In this day and age of retired players suing the NFL for bazillions of dollars over health issues, you would think that teams would do everything in their power to ensure maximum safety at all times. Not so. For the most recent example of folks apparently prioritizing possibly winning a single game over the long-term wellbeing of individual players, look no further than Dec. 9’s showdown between the Washington Redskins and Baltimore Ravens.
In that game, you will recall, Robert Griffin III was forced out of the game after taking a particularly brutal-looking hit. He would return one play later.
(via The Big Lead)
On the Monday following that outing, Mike Shanahan was asked why he permitted his superstar quarterback’s return.

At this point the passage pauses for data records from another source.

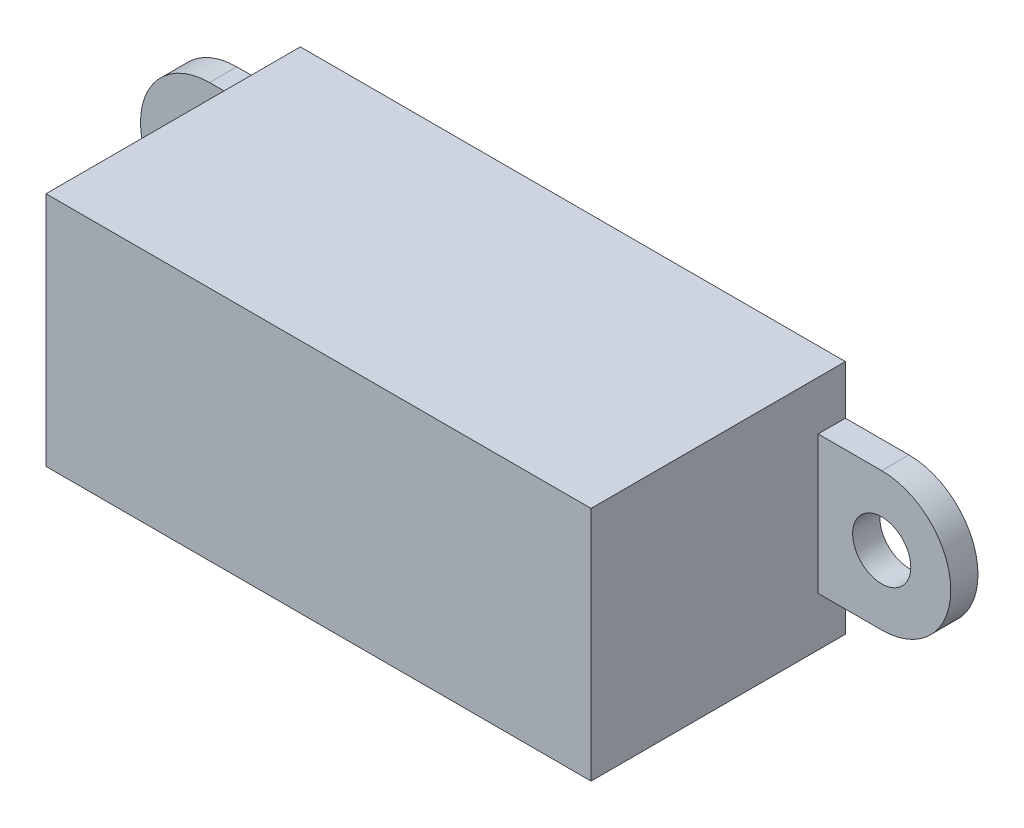
ISO-10303-21;
HEADER;
FILE_DESCRIPTION(('STEP AP214'),'2;1');
FILE_NAME('part.step','',(''),(''),'','','');
FILE_SCHEMA(('AUTOMOTIVE_DESIGN { 1 0 10303 214 1 1 1 1 }'));
ENDSEC;
DATA;
#1=APPLICATION_CONTEXT('core data for automotive mechanical design processes');
#2=APPLICATION_PROTOCOL_DEFINITION('international standard','automotive_design',2000,#1);
#3=PRODUCT_CONTEXT('',#1,'mechanical');
#4=PRODUCT('Part','Part','',(#3));
#5=PRODUCT_RELATED_PRODUCT_CATEGORY('part','',(#4));
#6=PRODUCT_DEFINITION_FORMATION('','',#4);
#7=PRODUCT_DEFINITION_CONTEXT('part definition',#1,'design');
#8=PRODUCT_DEFINITION('design','',#6,#7);
#9=PRODUCT_DEFINITION_SHAPE('','',#8);
#10=(LENGTH_UNIT() NAMED_UNIT(*) SI_UNIT(.MILLI.,.METRE.));
#11=(NAMED_UNIT(*) PLANE_ANGLE_UNIT() SI_UNIT($,.RADIAN.));
#12=(NAMED_UNIT(*) SI_UNIT($,.STERADIAN.) SOLID_ANGLE_UNIT());
#13=UNCERTAINTY_MEASURE_WITH_UNIT(LENGTH_MEASURE(1.E-05),#10,'distance_accuracy_value','');
#14=(GEOMETRIC_REPRESENTATION_CONTEXT(3) GLOBAL_UNCERTAINTY_ASSIGNED_CONTEXT((#13)) GLOBAL_UNIT_ASSIGNED_CONTEXT((#10,
#11,#12)) REPRESENTATION_CONTEXT('',''));
#15=CARTESIAN_POINT('',(0.,0.,0.));
#16=DIRECTION('',(0.,0.,1.));
#17=DIRECTION('',(1.,0.,0.));
#18=AXIS2_PLACEMENT_3D('',#15,#16,#17);
#19=CARTESIAN_POINT('',(-15.,6.5,14.));
#20=DIRECTION('',(1.,0.,0.));
#21=DIRECTION('',(0.,1.,0.));
#22=AXIS2_PLACEMENT_3D('',#19,#20,#21);
#23=PLANE('',#22);
#24=DIRECTION('',(0.,0.,-1.));
#25=VECTOR('',#24,1.);
#26=CARTESIAN_POINT('',(-15.,3.8,1.5));
#27=LINE('',#26,#25);
#28=CARTESIAN_POINT('',(-15.,3.8,1.5));
#29=VERTEX_POINT('',#28);
#30=CARTESIAN_POINT('',(-15.,3.8,0.));
#31=VERTEX_POINT('',#30);
#32=EDGE_CURVE('E132',#29,#31,#27,.T.);
#33=ORIENTED_EDGE('',*,*,#32,.F.);
#34=DIRECTION('',(0.,-1.,0.));
#35=VECTOR('',#34,1.);
#36=CARTESIAN_POINT('',(-15.,-3.8,1.5));
#37=LINE('',#36,#35);
#38=CARTESIAN_POINT('',(-15.,-3.8,1.5));
#39=VERTEX_POINT('',#38);
#40=EDGE_CURVE('E137',#29,#39,#37,.T.);
#41=ORIENTED_EDGE('',*,*,#40,.T.);
#42=DIRECTION('',(0.,0.,-1.));
#43=VECTOR('',#42,1.);
#44=CARTESIAN_POINT('',(-15.,-3.8,1.5));
#45=LINE('',#44,#43);
#46=CARTESIAN_POINT('',(-15.,-3.79999999999999,0.));
#47=VERTEX_POINT('',#46);
#48=EDGE_CURVE('E123',#39,#47,#45,.T.);
#49=ORIENTED_EDGE('',*,*,#48,.T.);
#50=DIRECTION('',(0.,-1.,0.));
#51=VECTOR('',#50,1.);
#52=CARTESIAN_POINT('',(-15.,6.5,0.));
#53=LINE('',#52,#51);
#54=CARTESIAN_POINT('',(-15.,-6.5,0.));
#55=VERTEX_POINT('',#54);
#56=EDGE_CURVE('E178',#47,#55,#53,.T.);
#57=ORIENTED_EDGE('',*,*,#56,.T.);
#58=DIRECTION('',(0.,0.,-1.));
#59=VECTOR('',#58,1.);
#60=CARTESIAN_POINT('',(-15.,-6.5,14.));
#61=LINE('',#60,#59);
#62=CARTESIAN_POINT('',(-15.,-6.5,14.));
#63=VERTEX_POINT('',#62);
#64=EDGE_CURVE('E11',#63,#55,#61,.T.);
#65=ORIENTED_EDGE('',*,*,#64,.F.);
#66=DIRECTION('',(0.,-1.,0.));
#67=VECTOR('',#66,1.);
#68=CARTESIAN_POINT('',(-15.,6.5,14.));
#69=LINE('',#68,#67);
#70=CARTESIAN_POINT('',(-15.,6.5,14.));
#71=VERTEX_POINT('',#70);
#72=EDGE_CURVE('E219',#71,#63,#69,.T.);
#73=ORIENTED_EDGE('',*,*,#72,.F.);
#74=DIRECTION('',(0.,0.,-1.));
#75=VECTOR('',#74,1.);
#76=CARTESIAN_POINT('',(-15.,6.5,14.));
#77=LINE('',#76,#75);
#78=CARTESIAN_POINT('',(-15.,6.5,0.));
#79=VERTEX_POINT('',#78);
#80=EDGE_CURVE('E208',#71,#79,#77,.T.);
#81=ORIENTED_EDGE('',*,*,#80,.T.);
#82=EDGE_CURVE('E181',#79,#31,#53,.T.);
#83=ORIENTED_EDGE('',*,*,#82,.T.);
#84=EDGE_LOOP('',(#33,#41,#49,#57,#65,#73,#81,#83));
#85=FACE_BOUND('',#84,.T.);
#86=ADVANCED_FACE('F33',(#85),#23,.F.);
#87=CARTESIAN_POINT('',(15.,6.5,14.));
#88=DIRECTION('',(-1.,0.,0.));
#89=DIRECTION('',(0.,0.,1.));
#90=AXIS2_PLACEMENT_3D('',#87,#88,#89);
#91=PLANE('',#90);
#92=DIRECTION('',(0.,0.,-1.));
#93=VECTOR('',#92,1.);
#94=CARTESIAN_POINT('',(15.,-3.8,1.5));
#95=LINE('',#94,#93);
#96=CARTESIAN_POINT('',(15.,-3.8,1.5));
#97=VERTEX_POINT('',#96);
#98=CARTESIAN_POINT('',(15.,-3.8,0.));
#99=VERTEX_POINT('',#98);
#100=EDGE_CURVE('E233',#97,#99,#95,.T.);
#101=ORIENTED_EDGE('',*,*,#100,.F.);
#102=DIRECTION('',(0.,-1.,0.));
#103=VECTOR('',#102,1.);
#104=CARTESIAN_POINT('',(15.,-3.8,1.5));
#105=LINE('',#104,#103);
#106=CARTESIAN_POINT('',(15.,3.8,1.5));
#107=VERTEX_POINT('',#106);
#108=EDGE_CURVE('E239',#107,#97,#105,.T.);
#109=ORIENTED_EDGE('',*,*,#108,.F.);
#110=DIRECTION('',(0.,0.,-1.));
#111=VECTOR('',#110,1.);
#112=CARTESIAN_POINT('',(15.,3.8,1.5));
#113=LINE('',#112,#111);
#114=CARTESIAN_POINT('',(15.,3.8,0.));
#115=VERTEX_POINT('',#114);
#116=EDGE_CURVE('E227',#107,#115,#113,.T.);
#117=ORIENTED_EDGE('',*,*,#116,.T.);
#118=DIRECTION('',(0.,1.,0.));
#119=VECTOR('',#118,1.);
#120=CARTESIAN_POINT('',(15.,6.5,0.));
#121=LINE('',#120,#119);
#122=CARTESIAN_POINT('',(15.,6.5,0.));
#123=VERTEX_POINT('',#122);
#124=EDGE_CURVE('E192',#115,#123,#121,.T.);
#125=ORIENTED_EDGE('',*,*,#124,.T.);
#126=DIRECTION('',(0.,0.,-1.));
#127=VECTOR('',#126,1.);
#128=CARTESIAN_POINT('',(15.,6.5,14.));
#129=LINE('',#128,#127);
#130=CARTESIAN_POINT('',(15.,6.5,14.));
#131=VERTEX_POINT('',#130);
#132=EDGE_CURVE('E206',#131,#123,#129,.T.);
#133=ORIENTED_EDGE('',*,*,#132,.F.);
#134=DIRECTION('',(0.,1.,0.));
#135=VECTOR('',#134,1.);
#136=CARTESIAN_POINT('',(15.,6.5,14.));
#137=LINE('',#136,#135);
#138=CARTESIAN_POINT('',(15.,-6.5,14.));
#139=VERTEX_POINT('',#138);
#140=EDGE_CURVE('E212',#139,#131,#137,.T.);
#141=ORIENTED_EDGE('',*,*,#140,.F.);
#142=DIRECTION('',(0.,0.,-1.));
#143=VECTOR('',#142,1.);
#144=CARTESIAN_POINT('',(15.,-6.5,14.));
#145=LINE('',#144,#143);
#146=CARTESIAN_POINT('',(15.,-6.5,0.));
#147=VERTEX_POINT('',#146);
#148=EDGE_CURVE('E41',#139,#147,#145,.T.);
#149=ORIENTED_EDGE('',*,*,#148,.T.);
#150=EDGE_CURVE('E201',#147,#99,#121,.T.);
#151=ORIENTED_EDGE('',*,*,#150,.T.);
#152=EDGE_LOOP('',(#101,#109,#117,#125,#133,#141,#149,#151));
#153=FACE_BOUND('',#152,.T.);
#154=ADVANCED_FACE('F269',(#153),#91,.F.);
#155=CARTESIAN_POINT('',(15.,-6.5,14.));
#156=DIRECTION('',(0.,1.,0.));
#157=DIRECTION('',(-1.,0.,0.));
#158=AXIS2_PLACEMENT_3D('',#155,#156,#157);
#159=PLANE('',#158);
#160=DIRECTION('',(1.,0.,0.));
#161=VECTOR('',#160,1.);
#162=CARTESIAN_POINT('',(15.,-6.5,0.));
#163=LINE('',#162,#161);
#164=EDGE_CURVE('E189',#55,#147,#163,.T.);
#165=ORIENTED_EDGE('',*,*,#164,.T.);
#166=ORIENTED_EDGE('',*,*,#148,.F.);
#167=DIRECTION('',(1.,0.,0.));
#168=VECTOR('',#167,1.);
#169=CARTESIAN_POINT('',(15.,-6.5,14.));
#170=LINE('',#169,#168);
#171=EDGE_CURVE('E216',#63,#139,#170,.T.);
#172=ORIENTED_EDGE('',*,*,#171,.F.);
#173=ORIENTED_EDGE('',*,*,#64,.T.);
#174=EDGE_LOOP('',(#165,#166,#172,#173));
#175=FACE_BOUND('',#174,.T.);
#176=ADVANCED_FACE('F285',(#175),#159,.F.);
#177=CARTESIAN_POINT('',(15.,6.5,14.));
#178=DIRECTION('',(0.,-1.,0.));
#179=DIRECTION('',(1.,0.,0.));
#180=AXIS2_PLACEMENT_3D('',#177,#178,#179);
#181=PLANE('',#180);
#182=DIRECTION('',(-1.,0.,0.));
#183=VECTOR('',#182,1.);
#184=CARTESIAN_POINT('',(15.,6.5,0.));
#185=LINE('',#184,#183);
#186=EDGE_CURVE('E195',#123,#79,#185,.T.);
#187=ORIENTED_EDGE('',*,*,#186,.T.);
#188=ORIENTED_EDGE('',*,*,#80,.F.);
#189=DIRECTION('',(-1.,0.,0.));
#190=VECTOR('',#189,1.);
#191=CARTESIAN_POINT('',(15.,6.5,14.));
#192=LINE('',#191,#190);
#193=EDGE_CURVE('E187',#131,#71,#192,.T.);
#194=ORIENTED_EDGE('',*,*,#193,.F.);
#195=ORIENTED_EDGE('',*,*,#132,.T.);
#196=EDGE_LOOP('',(#187,#188,#194,#195));
#197=FACE_BOUND('',#196,.T.);
#198=ADVANCED_FACE('F281',(#197),#181,.F.);
#199=CARTESIAN_POINT('',(0.,0.,14.));
#200=DIRECTION('',(0.,0.,-1.));
#201=DIRECTION('',(-1.,0.,0.));
#202=AXIS2_PLACEMENT_3D('',#199,#200,#201);
#203=PLANE('',#202);
#204=ORIENTED_EDGE('',*,*,#72,.T.);
#205=ORIENTED_EDGE('',*,*,#171,.T.);
#206=ORIENTED_EDGE('',*,*,#140,.T.);
#207=ORIENTED_EDGE('',*,*,#193,.T.);
#208=EDGE_LOOP('',(#204,#205,#206,#207));
#209=FACE_BOUND('',#208,.T.);
#210=ADVANCED_FACE('F283',(#209),#203,.F.);
#211=CARTESIAN_POINT('',(0.,0.,0.));
#212=DIRECTION('',(0.,0.,-1.));
#213=DIRECTION('',(-1.,0.,0.));
#214=AXIS2_PLACEMENT_3D('',#211,#212,#213);
#215=PLANE('',#214);
#216=ORIENTED_EDGE('',*,*,#82,.F.);
#217=ORIENTED_EDGE('',*,*,#186,.F.);
#218=ORIENTED_EDGE('',*,*,#124,.F.);
#219=DIRECTION('',(-1.,0.,0.));
#220=VECTOR('',#219,1.);
#221=CARTESIAN_POINT('',(15.,3.8,0.));
#222=LINE('',#221,#220);
#223=CARTESIAN_POINT('',(18.5,3.8,0.));
#224=VERTEX_POINT('',#223);
#225=EDGE_CURVE('E57',#224,#115,#222,.T.);
#226=ORIENTED_EDGE('',*,*,#225,.F.);
#227=CARTESIAN_POINT('',(18.5,0.,0.));
#228=DIRECTION('',(0.,0.,1.));
#229=DIRECTION('',(1.,0.,0.));
#230=AXIS2_PLACEMENT_3D('',#227,#228,#229);
#231=CIRCLE('',#230,3.8);
#232=CARTESIAN_POINT('',(18.5,-3.8,0.));
#233=VERTEX_POINT('',#232);
#234=EDGE_CURVE('E230',#233,#224,#231,.T.);
#235=ORIENTED_EDGE('',*,*,#234,.F.);
#236=DIRECTION('',(1.,0.,0.));
#237=VECTOR('',#236,1.);
#238=CARTESIAN_POINT('',(15.,-3.8,0.));
#239=LINE('',#238,#237);
#240=EDGE_CURVE('E242',#99,#233,#239,.T.);
#241=ORIENTED_EDGE('',*,*,#240,.F.);
#242=ORIENTED_EDGE('',*,*,#150,.F.);
#243=ORIENTED_EDGE('',*,*,#164,.F.);
#244=ORIENTED_EDGE('',*,*,#56,.F.);
#245=DIRECTION('',(-1.,0.,0.));
#246=VECTOR('',#245,1.);
#247=CARTESIAN_POINT('',(-15.,-3.8,0.));
#248=LINE('',#247,#246);
#249=CARTESIAN_POINT('',(-18.5,-3.8,0.));
#250=VERTEX_POINT('',#249);
#251=EDGE_CURVE('E49',#47,#250,#248,.T.);
#252=ORIENTED_EDGE('',*,*,#251,.T.);
#253=CARTESIAN_POINT('',(-18.5,0.,0.));
#254=DIRECTION('',(0.,0.,-1.));
#255=DIRECTION('',(-1.,0.,0.));
#256=AXIS2_PLACEMENT_3D('',#253,#254,#255);
#257=CIRCLE('',#256,3.8);
#258=CARTESIAN_POINT('',(-18.5,3.8,0.));
#259=VERTEX_POINT('',#258);
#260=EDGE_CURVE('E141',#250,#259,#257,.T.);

"He's on the sidelines with Dr. Andrews. He had a chance to look at him and he said he could go back in," Shanahan said (via USA Today). "(I said) 'Hey, Dr. Andrews, can Robert go back in?'
'Yeah, he can go back in.'
'Robert, go back in.'
"That was it," Shanahan said.
Dr. Andrews, for his part, doesn’t remember the conversation going anything like that.
"(Griffin) didn't even let us look at him," Andrews said. "He came off the field, walked through the sidelines, circled back through the players and took off back to the field. It wasn't our opinion.
"We didn't even get to touch him or talk to him. Scared the hell out of me."
This is undoubtedly not the first time a head coach brazenly (and without hesitation) lied to the media about his player’s injury; it does speak volumes, however, about how little all of these upper level figures value their guys – even if they’re superstars.